[Dataset items]
****************************************
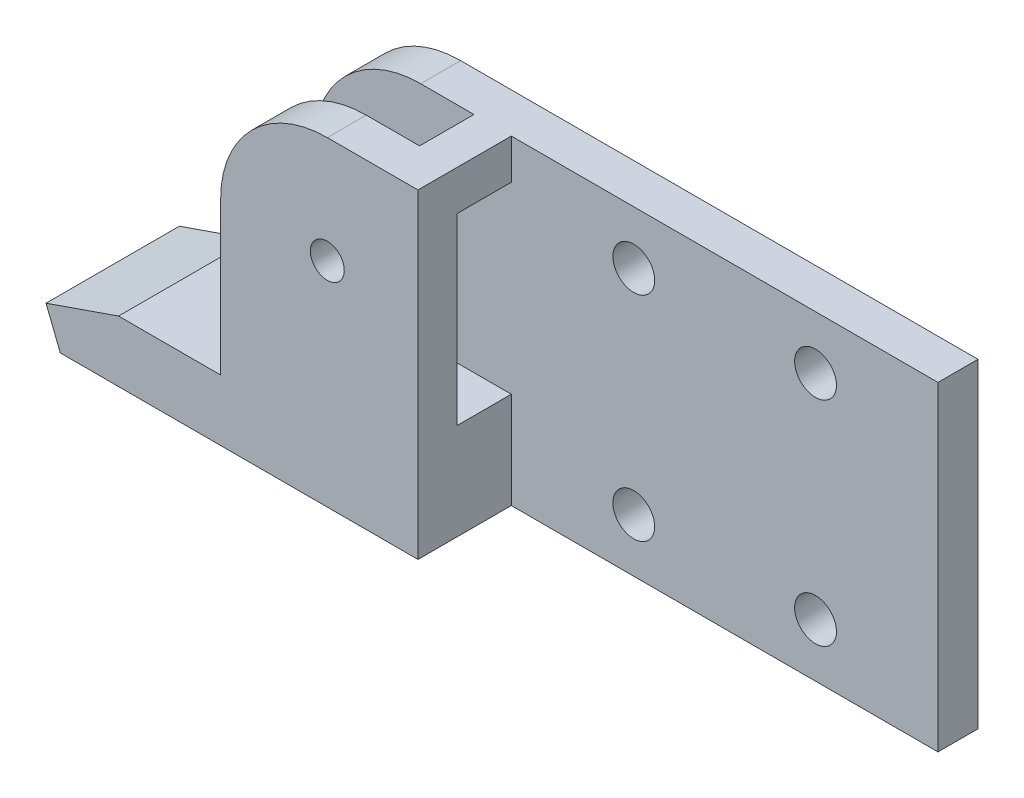
ISO-10303-21;
HEADER;
FILE_DESCRIPTION(('STEP AP214'),'2;1');
FILE_NAME('part.step','',(''),(''),'','','');
FILE_SCHEMA(('AUTOMOTIVE_DESIGN { 1 0 10303 214 1 1 1 1 }'));
ENDSEC;
DATA;
#1=APPLICATION_CONTEXT('core data for automotive mechanical design processes');
#2=APPLICATION_PROTOCOL_DEFINITION('international standard','automotive_design',2000,#1);
#3=PRODUCT_CONTEXT('',#1,'mechanical');
#4=PRODUCT('Part','Part','',(#3));
#5=PRODUCT_RELATED_PRODUCT_CATEGORY('part','',(#4));
#6=PRODUCT_DEFINITION_FORMATION('','',#4);
#7=PRODUCT_DEFINITION_CONTEXT('part definition',#1,'design');
#8=PRODUCT_DEFINITION('design','',#6,#7);
#9=PRODUCT_DEFINITION_SHAPE('','',#8);
#10=(LENGTH_UNIT() NAMED_UNIT(*) SI_UNIT(.MILLI.,.METRE.));
#11=(NAMED_UNIT(*) PLANE_ANGLE_UNIT() SI_UNIT($,.RADIAN.));
#12=(NAMED_UNIT(*) SI_UNIT($,.STERADIAN.) SOLID_ANGLE_UNIT());
#13=UNCERTAINTY_MEASURE_WITH_UNIT(LENGTH_MEASURE(1.E-05),#10,'distance_accuracy_value','');
#14=(GEOMETRIC_REPRESENTATION_CONTEXT(3) GLOBAL_UNCERTAINTY_ASSIGNED_CONTEXT((#13)) GLOBAL_UNIT_ASSIGNED_CONTEXT((#10,
#11,#12)) REPRESENTATION_CONTEXT('',''));
#15=CARTESIAN_POINT('',(0.,0.,0.));
#16=DIRECTION('',(0.,0.,1.));
#17=DIRECTION('',(1.,0.,0.));
#18=AXIS2_PLACEMENT_3D('',#15,#16,#17);
#19=CARTESIAN_POINT('',(-36.195000000001,-203.1333598559,4.7625));
#20=DIRECTION('',(0.,0.,-1.));
#21=DIRECTION('',(-1.,0.,0.));
#22=AXIS2_PLACEMENT_3D('',#19,#20,#21);
#23=CYLINDRICAL_SURFACE('',#22,12.7);
#24=DIRECTION('',(0.,0.,-1.));
#25=VECTOR('',#24,1.);
#26=CARTESIAN_POINT('',(-36.195000000001,-190.4333598559,4.7625));
#27=LINE('',#26,#25);
#28=CARTESIAN_POINT('',(-36.195000000001,-190.4333598559,15.875));
#29=VERTEX_POINT('',#28);
#30=CARTESIAN_POINT('',(-36.195000000001,-190.4333598559,11.2395));
#31=VERTEX_POINT('',#30);
#32=EDGE_CURVE('E276',#29,#31,#27,.T.);
#33=ORIENTED_EDGE('',*,*,#32,.T.);
#34=CARTESIAN_POINT('',(-36.195000000001,-203.1333598559,11.2395));
#35=DIRECTION('',(0.,0.,-1.));
#36=DIRECTION('',(0.,1.,0.));
#37=AXIS2_PLACEMENT_3D('',#34,#35,#36);
#38=CIRCLE('',#37,12.7);
#39=CARTESIAN_POINT('',(-48.895000000001,-203.1333598559,11.2395));
#40=VERTEX_POINT('',#39);
#41=EDGE_CURVE('E202',#40,#31,#38,.T.);
#42=ORIENTED_EDGE('',*,*,#41,.F.);
#43=DIRECTION('',(0.,0.,-1.));
#44=VECTOR('',#43,1.);
#45=CARTESIAN_POINT('',(-48.895000000001,-203.1333598559,4.7625));
#46=LINE('',#45,#44);
#47=CARTESIAN_POINT('',(-48.895000000001,-203.1333598559,15.875));
#48=VERTEX_POINT('',#47);
#49=EDGE_CURVE('E273',#48,#40,#46,.T.);
#50=ORIENTED_EDGE('',*,*,#49,.F.);
#51=CARTESIAN_POINT('',(-36.195000000001,-203.1333598559,15.875));
#52=DIRECTION('',(0.,0.,-1.));
#53=DIRECTION('',(-1.,0.,0.));
#54=AXIS2_PLACEMENT_3D('',#51,#52,#53);
#55=CIRCLE('',#54,12.7);
#56=EDGE_CURVE('E227',#48,#29,#55,.T.);
#57=ORIENTED_EDGE('',*,*,#56,.T.);
#58=EDGE_LOOP('',(#33,#42,#50,#57));
#59=FACE_BOUND('',#58,.T.);
#60=ADVANCED_FACE('F38',(#59),#23,.T.);
#61=CARTESIAN_POINT('',(-36.195000000001,-203.1333598559,4.7625));
#62=DIRECTION('',(0.,0.,1.));
#63=DIRECTION('',(1.,0.,0.));
#64=AXIS2_PLACEMENT_3D('',#61,#62,#63);
#65=CIRCLE('',#64,12.7);
#66=CARTESIAN_POINT('',(-36.195000000001,-190.4333598559,4.7625));
#67=VERTEX_POINT('',#66);
#68=CARTESIAN_POINT('',(-48.895000000001,-203.1333598559,4.7625));
#69=VERTEX_POINT('',#68);
#70=EDGE_CURVE('E61',#67,#69,#65,.T.);
#71=ORIENTED_EDGE('',*,*,#70,.F.);
#72=CARTESIAN_POINT('',(-36.195000000001,-190.4333598559,0.));
#73=VERTEX_POINT('',#72);
#74=EDGE_CURVE('E178',#67,#73,#27,.T.);
#75=ORIENTED_EDGE('',*,*,#74,.T.);
#76=CARTESIAN_POINT('',(-36.195000000001,-203.1333598559,0.));
#77=DIRECTION('',(0.,0.,1.));
#78=DIRECTION('',(1.,0.,0.));
#79=AXIS2_PLACEMENT_3D('',#76,#77,#78);
#80=CIRCLE('',#79,12.7);
#81=CARTESIAN_POINT('',(-48.895000000001,-203.1333598559,0.));
#82=VERTEX_POINT('',#81);
#83=EDGE_CURVE('E261',#73,#82,#80,.T.);
#84=ORIENTED_EDGE('',*,*,#83,.T.);
#85=EDGE_CURVE('E272',#69,#82,#46,.T.);
#86=ORIENTED_EDGE('',*,*,#85,.F.);
#87=EDGE_LOOP('',(#71,#75,#84,#86));
#88=FACE_BOUND('',#87,.T.);
#89=ADVANCED_FACE('F336',(#88),#23,.T.);
#90=CARTESIAN_POINT('',(-36.195000000001,-190.4333598559,4.7625));
#91=DIRECTION('',(0.,-1.,0.));
#92=DIRECTION('',(0.,0.,-1.));
#93=AXIS2_PLACEMENT_3D('',#90,#91,#92);
#94=PLANE('',#93);
#95=DIRECTION('',(-1.,0.,0.));
#96=VECTOR('',#95,1.);
#97=CARTESIAN_POINT('',(-29.845000000001,-190.4333598559,11.2395));
#98=LINE('',#97,#96);
#99=CARTESIAN_POINT('',(-29.845000000001,-190.4333598559,11.2395));
#100=VERTEX_POINT('',#99);
#101=EDGE_CURVE('E179',#100,#31,#98,.T.);
#102=ORIENTED_EDGE('',*,*,#101,.T.);
#103=ORIENTED_EDGE('',*,*,#32,.F.);
#104=DIRECTION('',(1.,0.,0.));
#105=VECTOR('',#104,1.);
#106=CARTESIAN_POINT('',(-36.195000000001,-190.4333598559,15.875));
#107=LINE('',#106,#105);
#108=CARTESIAN_POINT('',(-25.4000000000009,-190.4333598559,15.875));
#109=VERTEX_POINT('',#108);
#110=EDGE_CURVE('E205',#29,#109,#107,.T.);
#111=ORIENTED_EDGE('',*,*,#110,.T.);
#112=DIRECTION('',(0.,0.,-1.));
#113=VECTOR('',#112,1.);
#114=CARTESIAN_POINT('',(-25.4000000000009,-190.4333598559,15.875));
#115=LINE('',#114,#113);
****************************************
» PROBLEM DESCRIPTION: Retype nothing except the lines from the line holding "#82=VERTEX_POINT('',#81);" through the last line of the entries, both included.

» WRITTEN ANSWER:
#82=VERTEX_POINT('',#81);
#83=EDGE_CURVE('E261',#73,#82,#80,.T.);
#84=ORIENTED_EDGE('',*,*,#83,.T.);
#85=EDGE_CURVE('E272',#69,#82,#46,.T.);
#86=ORIENTED_EDGE('',*,*,#85,.F.);
#87=EDGE_LOOP('',(#71,#75,#84,#86));
#88=FACE_BOUND('',#87,.T.);
#89=ADVANCED_FACE('F336',(#88),#23,.T.);
#90=CARTESIAN_POINT('',(-36.195000000001,-190.4333598559,4.7625));
#91=DIRECTION('',(0.,-1.,0.));
#92=DIRECTION('',(0.,0.,-1.));
#93=AXIS2_PLACEMENT_3D('',#90,#91,#92);
#94=PLANE('',#93);
#95=DIRECTION('',(-1.,0.,0.));
#96=VECTOR('',#95,1.);
#97=CARTESIAN_POINT('',(-29.845000000001,-190.4333598559,11.2395));
#98=LINE('',#97,#96);
#99=CARTESIAN_POINT('',(-29.845000000001,-190.4333598559,11.2395));
#100=VERTEX_POINT('',#99);
#101=EDGE_CURVE('E179',#100,#31,#98,.T.);
#102=ORIENTED_EDGE('',*,*,#101,.T.);
#103=ORIENTED_EDGE('',*,*,#32,.F.);
#104=DIRECTION('',(1.,0.,0.));
#105=VECTOR('',#104,1.);
#106=CARTESIAN_POINT('',(-36.195000000001,-190.4333598559,15.875));
#107=LINE('',#106,#105);
#108=CARTESIAN_POINT('',(-25.4000000000009,-190.4333598559,15.875));
#109=VERTEX_POINT('',#108);
#110=EDGE_CURVE('E205',#29,#109,#107,.T.);
#111=ORIENTED_EDGE('',*,*,#110,.T.);
#112=DIRECTION('',(0.,0.,-1.));
#113=VECTOR('',#112,1.);
#114=CARTESIAN_POINT('',(-25.4000000000009,-190.4333598559,15.875));
#115=LINE('',#114,#113);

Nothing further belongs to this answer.